Asrianto, salah satu warga yang seharusnya menerima bantuan, mengaku dimintai uang sebesar Rp1 juta agar namanya tidak dicoret dari daftar penerima. Uang itu diserahkan kepada seorang pengurus bernama Halita atas perintah Aminuddin, pada November 2024 lalu.
“Dikasih waktu dua hari untuk bayar, kalau tidak uangnya ada, nama kami diganti. Akhirnya saya pinjam uang untuk setor,” ujarnya kepada wartawan, Senin (10/11).
Namun, setelah beberapa bulan berlalu, bantuan yang dijanjikan tak kunjung datang. Karena membutuhkan uang, ia kemudian meminta kembali uang setoran tersebut pada Juni 2025. Permintaan itu membuat namanya dicoret dari daftar penerima bantuan.
“Nama saya tidak muncul sebagai penerima, mungkin karena saya tarik kembali uang itu. Yang tidak ambil uangnya, sekarang sudah dibikinkan rumah,” katanya.
Hal serupa dialami Harianto, warga Desa Buke lainnya. Ia juga mengaku telah menyetor Rp 1 juta namun tidak mendapat bantuan.
“Saya ikut bayar, tapi setelah bantuan turun nama saya tidak ada. Katanya karena saya tarik kembali uang yang sudah saya kasih,” ungkapnya.
Kepala Desa Buke, Nuratia, membantah mengetahui adanya pungutan uang terhadap calon penerima bantuan. Ia menyebut tugasnya hanya mengusulkan nama warga yang layak menerima.
“Saya tidak tahu soal permintaan uang. Kami hanya mengusulkan nama-nama warga yang layak. Dari awal Pak Jamal sudah sampaikan, bantuan ini gratis,” tegasnya.
Sementara itu, Jamal—yang disebut-sebut sebagai penyalur material program—membantah keras tudingan bahwa dirinya menampung atau mengarahkan warga untuk menyetor uang.
“Itu informasi sesat. Saya tidak pernah meminta atau menerima sepeserpun,” katanya.
Meski begitu, setelah kasus dugaan pungli ini mencuat, empat warga Desa Buke justru dilaporkan ke Polres Konsel oleh Jamal dan Aminuddin dengan tuduhan pencemaran nama baik.
“Laporannya terkait dugaan pencemaran nama baik.

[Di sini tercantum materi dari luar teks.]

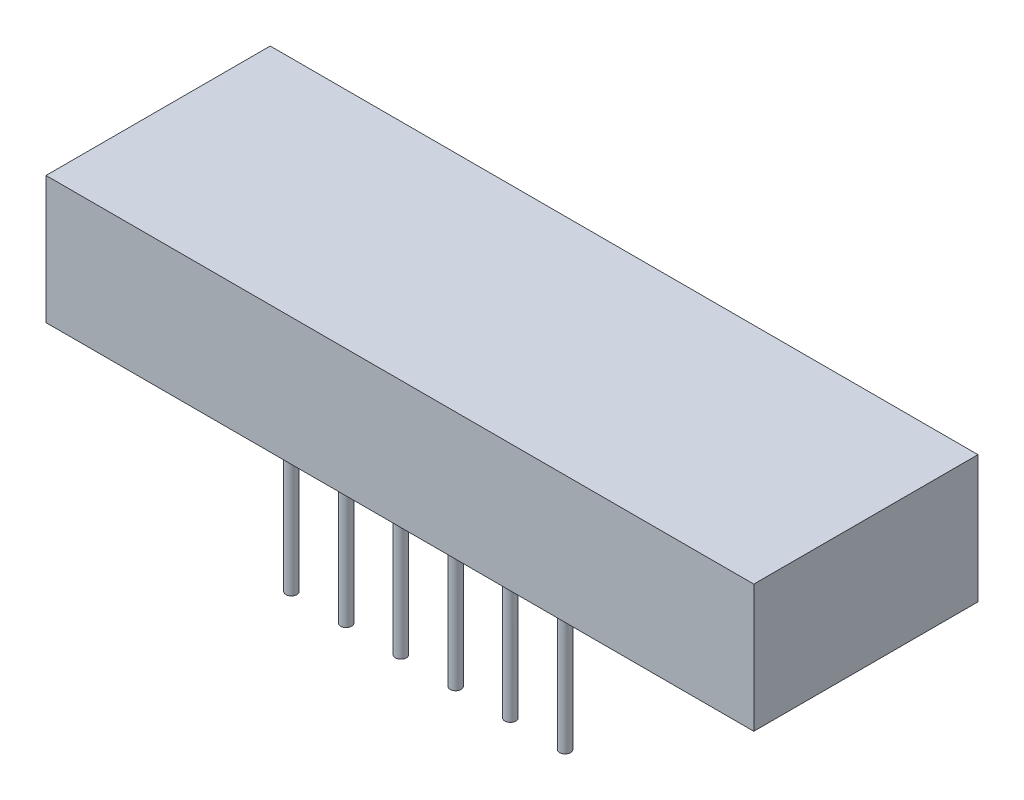
ISO-10303-21;
HEADER;
FILE_DESCRIPTION(('STEP AP214'),'2;1');
FILE_NAME('part.step','',(''),(''),'','','');
FILE_SCHEMA(('AUTOMOTIVE_DESIGN { 1 0 10303 214 1 1 1 1 }'));
ENDSEC;
DATA;
#1=APPLICATION_CONTEXT('core data for automotive mechanical design processes');
#2=APPLICATION_PROTOCOL_DEFINITION('international standard','automotive_design',2000,#1);
#3=PRODUCT_CONTEXT('',#1,'mechanical');
#4=PRODUCT('Part','Part','',(#3));
#5=PRODUCT_RELATED_PRODUCT_CATEGORY('part','',(#4));
#6=PRODUCT_DEFINITION_FORMATION('','',#4);
#7=PRODUCT_DEFINITION_CONTEXT('part definition',#1,'design');
#8=PRODUCT_DEFINITION('design','',#6,#7);
#9=PRODUCT_DEFINITION_SHAPE('','',#8);
#10=(LENGTH_UNIT() NAMED_UNIT(*) SI_UNIT(.MILLI.,.METRE.));
#11=(NAMED_UNIT(*) PLANE_ANGLE_UNIT() SI_UNIT($,.RADIAN.));
#12=(NAMED_UNIT(*) SI_UNIT($,.STERADIAN.) SOLID_ANGLE_UNIT());
#13=UNCERTAINTY_MEASURE_WITH_UNIT(LENGTH_MEASURE(1.E-05),#10,'distance_accuracy_value','');
#14=(GEOMETRIC_REPRESENTATION_CONTEXT(3) GLOBAL_UNCERTAINTY_ASSIGNED_CONTEXT((#13)) GLOBAL_UNIT_ASSIGNED_CONTEXT((#10,
#11,#12)) REPRESENTATION_CONTEXT('',''));
#15=CARTESIAN_POINT('',(0.,0.,0.));
#16=DIRECTION('',(0.,0.,1.));
#17=DIRECTION('',(1.,0.,0.));
#18=AXIS2_PLACEMENT_3D('',#15,#16,#17);
#19=CARTESIAN_POINT('',(-16.1,0.,-5.1));
#20=DIRECTION('',(0.,1.,0.));
#21=DIRECTION('',(0.,0.,1.));
#22=AXIS2_PLACEMENT_3D('',#19,#20,#21);
#23=PLANE('',#22);
#24=CARTESIAN_POINT('',(3.73481199421592,0.,-3.81));
#25=DIRECTION('',(0.,1.,0.));
#26=DIRECTION('',(0.,0.,1.));
#27=AXIS2_PLACEMENT_3D('',#24,#25,#26);
#28=CIRCLE('',#27,0.250000000000001);
#29=CARTESIAN_POINT('',(3.73481199421592,0.,-3.56));
#30=VERTEX_POINT('',#29);
#31=EDGE_CURVE('E42',#30,#30,#28,.F.);
#32=ORIENTED_EDGE('',*,*,#31,.F.);
#33=EDGE_LOOP('',(#32));
#34=FACE_BOUND('',#33,.T.);
#35=CARTESIAN_POINT('',(-1.2449373314053,0.,-3.81000000000001));
#36=DIRECTION('',(0.,1.,0.));
#37=DIRECTION('',(0.,0.,1.));
#38=AXIS2_PLACEMENT_3D('',#35,#36,#37);
#39=CIRCLE('',#38,0.25);
#40=CARTESIAN_POINT('',(-1.2449373314053,0.,-3.56));
#41=VERTEX_POINT('',#40);
#42=EDGE_CURVE('E135',#41,#41,#39,.F.);
#43=ORIENTED_EDGE('',*,*,#42,.F.);
#44=EDGE_LOOP('',(#43));
#45=FACE_BOUND('',#44,.T.);
#46=CARTESIAN_POINT('',(-6.22468665702653,0.,-3.81000000000001));
#47=DIRECTION('',(0.,1.,0.));
#48=DIRECTION('',(0.,0.,1.));
#49=AXIS2_PLACEMENT_3D('',#46,#47,#48);
#50=CIRCLE('',#49,0.25);
#51=CARTESIAN_POINT('',(-6.22468665702653,0.,-3.56));
#52=VERTEX_POINT('',#51);
#53=EDGE_CURVE('E129',#52,#52,#50,.F.);
#54=ORIENTED_EDGE('',*,*,#53,.F.);
#55=EDGE_LOOP('',(#54));
#56=FACE_BOUND('',#55,.T.);
#57=CARTESIAN_POINT('',(-3.73481199421592,0.,3.81));
#58=DIRECTION('',(0.,1.,0.));
#59=DIRECTION('',(0.,0.,1.));
#60=AXIS2_PLACEMENT_3D('',#57,#58,#59);
#61=CIRCLE('',#60,0.25);
#62=CARTESIAN_POINT('',(-3.73481199421592,0.,4.06));
#63=VERTEX_POINT('',#62);
#64=EDGE_CURVE('E123',#63,#63,#61,.F.);
#65=ORIENTED_EDGE('',*,*,#64,.F.);
#66=EDGE_LOOP('',(#65));
#67=FACE_BOUND('',#66,.T.);
#68=CARTESIAN_POINT('',(1.2449373314053,0.,3.81));
#69=DIRECTION('',(0.,1.,0.));
#70=DIRECTION('',(0.,0.,1.));
#71=AXIS2_PLACEMENT_3D('',#68,#69,#70);
#72=CIRCLE('',#71,0.25);
#73=CARTESIAN_POINT('',(1.2449373314053,0.,4.06));
#74=VERTEX_POINT('',#73);
#75=EDGE_CURVE('E117',#74,#74,#72,.F.);
#76=ORIENTED_EDGE('',*,*,#75,.F.);
#77=EDGE_LOOP('',(#76));
#78=FACE_BOUND('',#77,.T.);
#79=CARTESIAN_POINT('',(6.22468665702653,0.,3.81));
#80=DIRECTION('',(0.,1.,0.));
#81=DIRECTION('',(0.,0.,1.));
#82=AXIS2_PLACEMENT_3D('',#79,#80,#81);
#83=CIRCLE('',#82,0.25);
#84=CARTESIAN_POINT('',(6.22468665702653,0.,4.06));
#85=VERTEX_POINT('',#84);
#86=EDGE_CURVE('E111',#85,#85,#83,.F.);
#87=ORIENTED_EDGE('',*,*,#86,.F.);
#88=EDGE_LOOP('',(#87));
#89=FACE_BOUND('',#88,.T.);
#90=DIRECTION('',(0.,0.,1.));
#91=VECTOR('',#90,1.);
#92=CARTESIAN_POINT('',(-16.1,0.,-5.1));
#93=LINE('',#92,#91);
#94=CARTESIAN_POINT('',(-16.1,0.,-5.1));
#95=VERTEX_POINT('',#94);
#96=CARTESIAN_POINT('',(-16.1,0.,5.1));
#97=VERTEX_POINT('',#96);
#98=EDGE_CURVE('E101',#95,#97,#93,.T.);
#99=ORIENTED_EDGE('',*,*,#98,.F.);
#100=DIRECTION('',(-1.,0.,0.));
#101=VECTOR('',#100,1.);
#102=CARTESIAN_POINT('',(-16.1,0.,-5.1));
#103=LINE('',#102,#101);
#104=CARTESIAN_POINT('',(16.1,0.,-5.1));
#105=VERTEX_POINT('',#104);
#106=EDGE_CURVE('E73',#105,#95,#103,.T.);
#107=ORIENTED_EDGE('',*,*,#106,.F.);
#108=DIRECTION('',(0.,0.,-1.));
#109=VECTOR('',#108,1.);
#110=CARTESIAN_POINT('',(16.1,0.,-5.1));
#111=LINE('',#110,#109);
#112=CARTESIAN_POINT('',(16.1,0.,5.1));
#113=VERTEX_POINT('',#112);
#114=EDGE_CURVE('E67',#113,#105,#111,.T.);
#115=ORIENTED_EDGE('',*,*,#114,.F.);
#116=DIRECTION('',(1.,0.,0.));
#117=VECTOR('',#116,1.);
#118=CARTESIAN_POINT('',(-16.1,0.,5.1));
#119=LINE('',#118,#117);
#120=EDGE_CURVE('E91',#97,#113,#119,.T.);
#121=ORIENTED_EDGE('',*,*,#120,.F.);
#122=EDGE_LOOP('',(#99,#107,#115,#121));
#123=FACE_BOUND('',#122,.T.);
#124=CARTESIAN_POINT('',(3.73481199421592,0.,3.81));
#125=DIRECTION('',(0.,1.,0.));
#126=DIRECTION('',(0.,0.,1.));
#127=AXIS2_PLACEMENT_3D('',#124,#125,#126);
#128=CIRCLE('',#127,0.250000000000001);
#129=CARTESIAN_POINT('',(3.73481199421592,0.,4.06));
#130=VERTEX_POINT('',#129);
#131=EDGE_CURVE('E114',#130,#130,#128,.F.);
#132=ORIENTED_EDGE('',*,*,#131,.F.);
#133=EDGE_LOOP('',(#132));
#134=FACE_BOUND('',#133,.T.);
#135=CARTESIAN_POINT('',(-1.24493733140531,0.,3.81));
#136=DIRECTION('',(0.,1.,0.));
#137=DIRECTION('',(0.,0.,1.));
#138=AXIS2_PLACEMENT_3D('',#135,#136,#137);
#139=CIRCLE('',#138,0.25);
#140=CARTESIAN_POINT('',(-1.24493733140531,0.,4.06));
#141=VERTEX_POINT('',#140);
#142=EDGE_CURVE('E120',#141,#141,#139,.F.);
#143=ORIENTED_EDGE('',*,*,#142,.F.);
#144=EDGE_LOOP('',(#143));
#145=FACE_BOUND('',#144,.T.);
#146=CARTESIAN_POINT('',(-6.22468665702653,0.,3.81));
#147=DIRECTION('',(0.,1.,0.));
#148=DIRECTION('',(0.,0.,1.));
#149=AXIS2_PLACEMENT_3D('',#146,#147,#148);
#150=CIRCLE('',#149,0.25);
#151=CARTESIAN_POINT('',(-6.22468665702653,0.,4.06));
#152=VERTEX_POINT('',#151);
#153=EDGE_CURVE('E126',#152,#152,#150,.F.);
#154=ORIENTED_EDGE('',*,*,#153,.F.);
#155=EDGE_LOOP('',(#154));
#156=FACE_BOUND('',#155,.T.);
#157=CARTESIAN_POINT('',(-3.73481199421592,0.,-3.81000000000001));
#158=DIRECTION('',(0.,1.,0.));
#159=DIRECTION('',(0.,0.,1.));
#160=AXIS2_PLACEMENT_3D('',#157,#158,#159);
#161=CIRCLE('',#160,0.25);
#162=CARTESIAN_POINT('',(-3.73481199421592,0.,-3.56));
#163=VERTEX_POINT('',#162);
#164=EDGE_CURVE('E132',#163,#163,#161,.F.);
#165=ORIENTED_EDGE('',*,*,#164,.F.);
#166=EDGE_LOOP('',(#165));
#167=FACE_BOUND('',#166,.T.);
#168=CARTESIAN_POINT('',(1.24493733140531,0.,-3.81000000000001));
#169=DIRECTION('',(0.,1.,0.));
#170=DIRECTION('',(0.,0.,1.));
#171=AXIS2_PLACEMENT_3D('',#168,#169,#170);
#172=CIRCLE('',#171,0.25);
#173=CARTESIAN_POINT('',(1.24493733140531,0.,-3.56));
#174=VERTEX_POINT('',#173);
#175=EDGE_CURVE('E138',#174,#174,#172,.F.);
#176=ORIENTED_EDGE('',*,*,#175,.F.);
#177=EDGE_LOOP('',(#176));
#178=FACE_BOUND('',#177,.T.);
#179=CARTESIAN_POINT('',(6.22468665702653,0.,-3.81000000000001));
#180=DIRECTION('',(0.,1.,0.));
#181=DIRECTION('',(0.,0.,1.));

Ada empat orang yang kami lapor,” ujar Aminuddin.
Ia menegaskan tidak pernah meminta uang kepada calon penerima bantuan, meski mengakui ikut mengusulkan sepuluh nama penerima dari Dusun III.
Di sisi lain, warga yang dilaporkan kini mendapat pendampingan hukum dari Lembaga Bantuan Hukum (LBH) HAMI Sultra.
Ketua LBH HAMI Sultra, Andri Darmawan, membenarkan bahwa pihaknya akan memberikan bantuan hukum kepada warga tersebut.
“Masyarakat datang minta pendampingan karena mereka dilaporkan setelah mengungkap dugaan pungli. Mereka dimintai uang Rp1 juta, tapi setelah menarik uangnya, nama mereka tidak lagi masuk daftar penerima,” jelasnya.
Andri menegaskan, LBH HAMI akan melaporkan dugaan praktik pungli ini ke Subdit Tipikor Polda Sultra.
“Kami akan dampingi dan laporkan ke Tipikor, karena yang disuarakan masyarakat adalah kebenaran. Program untuk rakyat miskin tidak boleh dijadikan ajang mencari keuntungan,” ujarnya.
Menanggapi hal itu, Ridwan Bae selaku pengusul program BSPS merasa geram. Ia menegaskan, tidak ada pungutan apa pun dalam program bedah rumah yang diusulkan melalui aspirasinya.
“Kalau ada yang minta uang, laporkan ke polisi. Itu penipuan. Program BSPS tidak dipungut biaya sepeser pun,” tegasnya.
Ridwan menjelaskan, penerima bantuan dipilih melalui proses verifikasi ketat oleh Balai Penataan Bangunan dan Kawasan (BPBPK) Sultra.
“Syaratnya jelas, penerima adalah masyarakat kurang mampu dengan rumah tidak layak huni. Kalau tidak memenuhi syarat, otomatis diganti,” tandasnya.
Kasus ini kini menjadi sorotan publik di Konawe Selatan. Warga berharap aparat kepolisian mengusut tuntas dugaan pungli dalam program bedah rumah agar bantuan pemerintah benar-benar sampai kepada masyarakat yang membutuhkan.